Implementing Proximal Policy Optimization A2C with pytorch


In [None]:
#Importing Neccessary Libraries for the model
import os
import numpy as np
import time
import glob
from datetime import datetime
import gym
#-----------pytorch libraries----------------#
import torch
import torch.nn as nn
from torch.distributions import MultivariateNormal
from scipy.stats import multivariate_normal
from torch.optim import Adam

In [None]:
#Implementing the Proximal Policy Optimization
#The below class will store the local variables for clean policy

class store:
  def __init__(self):
    self.actions=[]
    self.states=[]
    self.log_probs=[]
    self.rewards=[]
    self.state_values=[]
    self.terminal=[]

  def clear(self):
    del self.actions[:]
    del self.states[:]
    del self.log_probs[:]
    del self.rewards[:]
    del self.state_values[:]
    del self.terminal[:]

#Implementing A2C
#since we are dealing with Drone environment with continuous space of action
#i.e [0,1]^4

class Actor_Critic(nn.Module):
  def __init__(self,action_dim,state_dim,action_dist):
    super(Actor_Critic,self).__init__()

    self.action_var=torch.full((action_dim,),action_dist*action_dist).to(device)
    self.action_dim = action_dim
    #Actor Network
    self.Actor=nn.Sequential(
        nn.Linear(state_dim,84),
        nn.ReLU(),
        nn.Linear(84,84),
        nn.ReLU(),
        nn.Linear(84,action_dim),
        nn.Tanh()
    )

    #Critic Network
    self.Critic=nn.Sequential(
        nn.Linear(state_dim,84),
        nn.ReLU(),
        nn.Linear(84,84),
        nn.Tanh(),
        nn.Linear(84,1)
    )

  def setup_action_dist(self,new_action_dist):
    #since we are dealing continuous space action we need to keep on changing the
    #action dist to make our model learn new things
    self.action_var=torch.full((self.action_dim,),new_action_dist*new_action_dist).to(device)

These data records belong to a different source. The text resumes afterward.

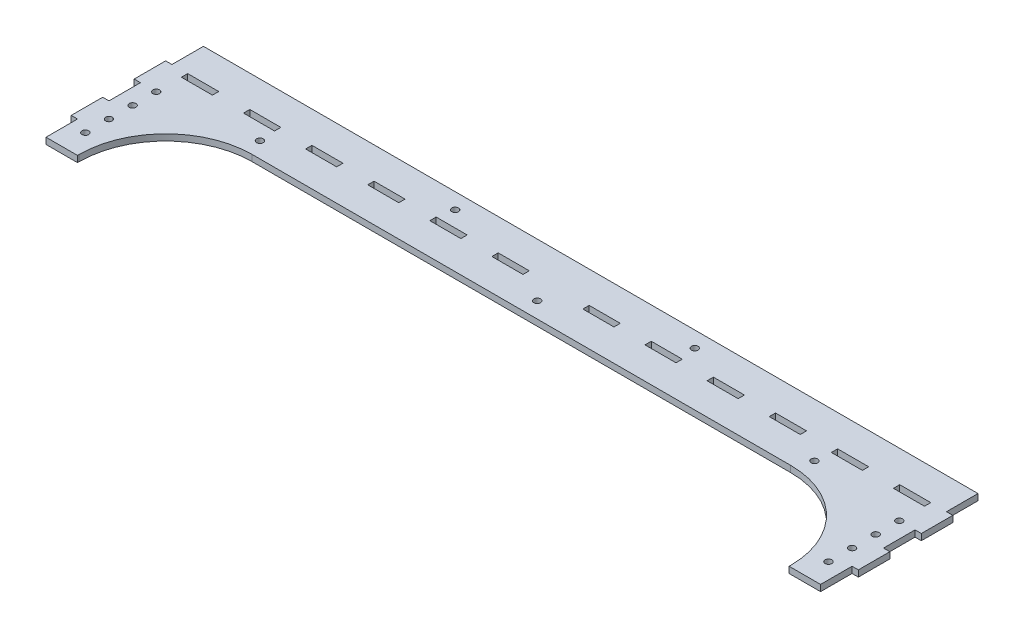
from build123d import *

# Parameters (mm, degrees)
SKETCH1_R           = 2.125
SKETCH1_W           = 19.725
SKETCH1_H           = 4
BOSS_EXTRUDE1_DEPTH = 4


with BuildPart() as part:
    # Sketch1 → Boss-Extrude1 (new body)
    with BuildSketch(Plane(origin=(0, 0, 0), x_dir=(1, 0, 0), z_dir=(0, 1, 0))):
        with BuildLine():
            Line((4, 0), (4, 20))
            Line((4, 20), (0, 20))
            Line((0, 20), (0, 40))
            Line((0, 40), (4, 40))
            Line((4, 40), (4, 60))
            Line((4, 60), (0, 60))
            Line((0, 60), (0, 80))
            Line((0, 80), (4, 80))
            Line((4, 80), (4, 100))
            Line((4, 100), (250, 100))
            Line((250, 100), (496, 100))
            Line((496, 100), (496, 80))
            Line((496, 80), (500, 80))
            Line((500, 80), (500, 60))
            Line((500, 60), (496, 60))
            Line((496, 60), (496, 40))
            Line((496, 40), (500, 40))
            Line((500, 40), (500, 20))
            Line((500, 20), (496, 20))
            Line((496, 20), (496, 0))
            Line((496, 0), (476, 0))
            Line((476, 0), (476, 1))
            ThreePointArc((476, 1), (459.890872965, 39.890872965), (421, 56))
            Line((421, 56), (79, 56))
            ThreePointArc((79, 56), (40.109127035, 39.890872965), (24, 1))
            Line((24, 1), (24, 0))
            Line((24, 0), (4, 0))
        make_face()
        with Locations((14, 15)):
            Circle(SKETCH1_R, mode=Mode.SUBTRACT)
        with Locations((14, 30)):
            Circle(SKETCH1_R, mode=Mode.SUBTRACT)
        with Locations((173.885, 90)):
            Circle(SKETCH1_R, mode=Mode.SUBTRACT)
        with Locations((326.115, 90)):
            Circle(SKETCH1_R, mode=Mode.SUBTRACT)
        with Locations((486, 30)):
            Circle(SKETCH1_R, mode=Mode.SUBTRACT)
        with Locations((486, 15)):
            Circle(SKETCH1_R, mode=Mode.SUBTRACT)
        with Locations((14, 60)):
            Circle(SKETCH1_R, mode=Mode.SUBTRACT)
        with Locations((14, 45)):
            Circle(SKETCH1_R, mode=Mode.SUBTRACT)
        with Locations((486, 45)):
            Circle(SKETCH1_R, mode=Mode.SUBTRACT)
        with Locations((486, 60)):
            Circle(SKETCH1_R, mode=Mode.SUBTRACT)
        with Locations((73.88, 66)):
            Circle(SKETCH1_R, mode=Mode.SUBTRACT)
        with Locations((426.12, 66)):
            Circle(SKETCH1_R, mode=Mode.SUBTRACT)
        with Locations((250, 66)):
            Circle(SKETCH1_R, mode=Mode.SUBTRACT)
        with Locations((63.3125, 78)):
            Rectangle(SKETCH1_W, SKETCH1_H, mode=Mode.SUBTRACT)
        with Locations((23.8625, 78)):
            Rectangle(SKETCH1_W, SKETCH1_H, mode=Mode.SUBTRACT)
        with Locations((102.7625, 78)):
            Rectangle(SKETCH1_W, SKETCH1_H, mode=Mode.SUBTRACT)
        with Locations((142.2125, 78)):
            Rectangle(SKETCH1_W, SKETCH1_H, mode=Mode.SUBTRACT)
        with Locations((181.6625, 78)):
            Rectangle(SKETCH1_W, SKETCH1_H, mode=Mode.SUBTRACT)
        with Locations((221.1125, 78)):
            Rectangle(SKETCH1_W, SKETCH1_H, mode=Mode.SUBTRACT)
        with Locations((278.8875, 78)):
            Rectangle(SKETCH1_W, SKETCH1_H, mode=Mode.SUBTRACT)
        with Locations((318.3375, 78)):
            Rectangle(SKETCH1_W, SKETCH1_H, mode=Mode.SUBTRACT)
        with Locations((357.7875, 78)):
            Rectangle(SKETCH1_W, SKETCH1_H, mode=Mode.SUBTRACT)
        with Locations((397.2375, 78)):
            Rectangle(SKETCH1_W, SKETCH1_H, mode=Mode.SUBTRACT)
        with Locations((436.6875, 78)):
            Rectangle(SKETCH1_W, SKETCH1_H, mode=Mode.SUBTRACT)
        with Locations((476.1375, 78)):
            Rectangle(SKETCH1_W, SKETCH1_H, mode=Mode.SUBTRACT)
    extrude(amount=BOSS_EXTRUDE1_DEPTH)


solid = part.part
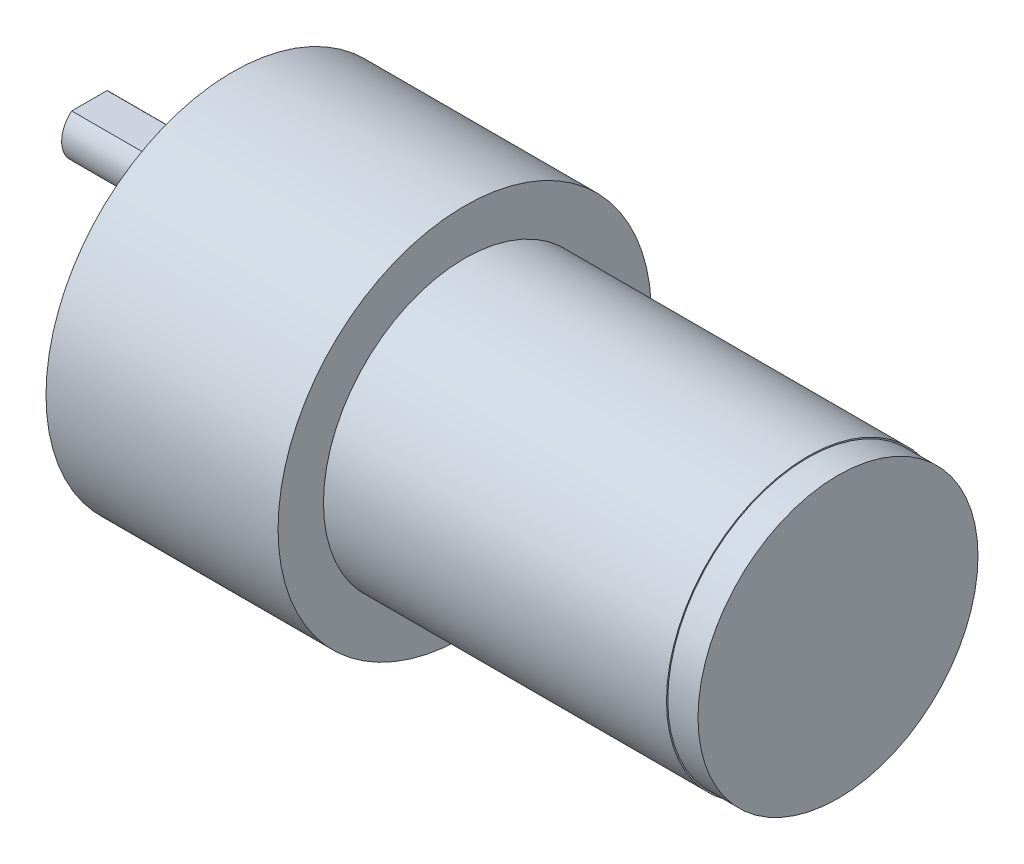
from build123d import *

# Parameters (mm, degrees)
SKETCH1_R           = 14
BOSS_EXTRUDE1_DEPTH = 34
SKETCH2_R           = 18.5
BOSS_EXTRUDE2_DEPTH = 23
SKETCH3_R           = 6
BOSS_EXTRUDE3_DEPTH = 6
SKETCH5_R           = 2.75
BOSS_EXTRUDE4_DEPTH = 15
CUT_EXTRUDE1_DEPTH  = 12
SKETCH7_R           = 13.875
BOSS_EXTRUDE5_DEPTH = 3


with BuildPart() as part:
    # Sketch1 → Boss-Extrude1 (new body)
    with BuildSketch(Plane(origin=(0, 0, 0), x_dir=(0, 0, -1), z_dir=(1, 0, 0))):
        Circle(SKETCH1_R)
    extrude(amount=-BOSS_EXTRUDE1_DEPTH)

    # Sketch2 → Boss-Extrude2 (add)
    with BuildSketch(Plane.ZY.offset(34)):
        Circle(SKETCH2_R)
    extrude(amount=BOSS_EXTRUDE2_DEPTH)

    # Sketch3 → Boss-Extrude3 (add)
    with BuildSketch(Plane.ZY.offset(57)):
        with Locations((-6.8, 0)):
            Circle(SKETCH3_R)
    extrude(amount=BOSS_EXTRUDE3_DEPTH)

    # Sketch5 → Boss-Extrude4 (add)
    with BuildSketch(Plane.ZY.offset(63)):
        with Locations((-6.8, 0)):
            Circle(SKETCH5_R)
    extrude(amount=BOSS_EXTRUDE4_DEPTH)

    # Sketch6 → Cut-Extrude1 (cut)
    with BuildSketch(Plane.ZY.offset(78)):
        with BuildLine():
            Line((-8.55, 2.121320344), (-5.05, 2.121320344))
            ThreePointArc((-5.05, 2.121320344), (-6.8, 2.75), (-8.55, 2.121320344))
        make_face()
    extrude(amount=-CUT_EXTRUDE1_DEPTH, mode=Mode.SUBTRACT)

    # Sketch7 → Boss-Extrude5 (add)
    with BuildSketch(Plane(origin=(0, 0, 0), x_dir=(0, 0, -1), z_dir=(1, 0, 0))):
        Circle(SKETCH7_R)
    extrude(amount=BOSS_EXTRUDE5_DEPTH)


solid = part.part

  def action_pred(self,obs):
    action_mean=self.Actor(obs)
    cov_mat=torch.diag(self.action_var).unsqueeze(dim=0)
    prob_distribution=MultivariateNormal(action_mean,cov_mat)
    action=prob_distribution.sample()
    log_probs=prob_distribution.log_prob(action)
    state_vals=self.Critic(obs)

    return action.detach(),log_probs.detach(),state_vals.detach()

  def evaluate(self,obs,action):
    values=self.Critic(obs)
    action_mean=self.Actor(obs)
    cov_mat=torch.diag_embed(self.action_var.expand_as(action_mean))
    prob_distribution=MultivariateNormal(action_mean,cov_mat)
    log_probs=prob_distribution.log_prob(action)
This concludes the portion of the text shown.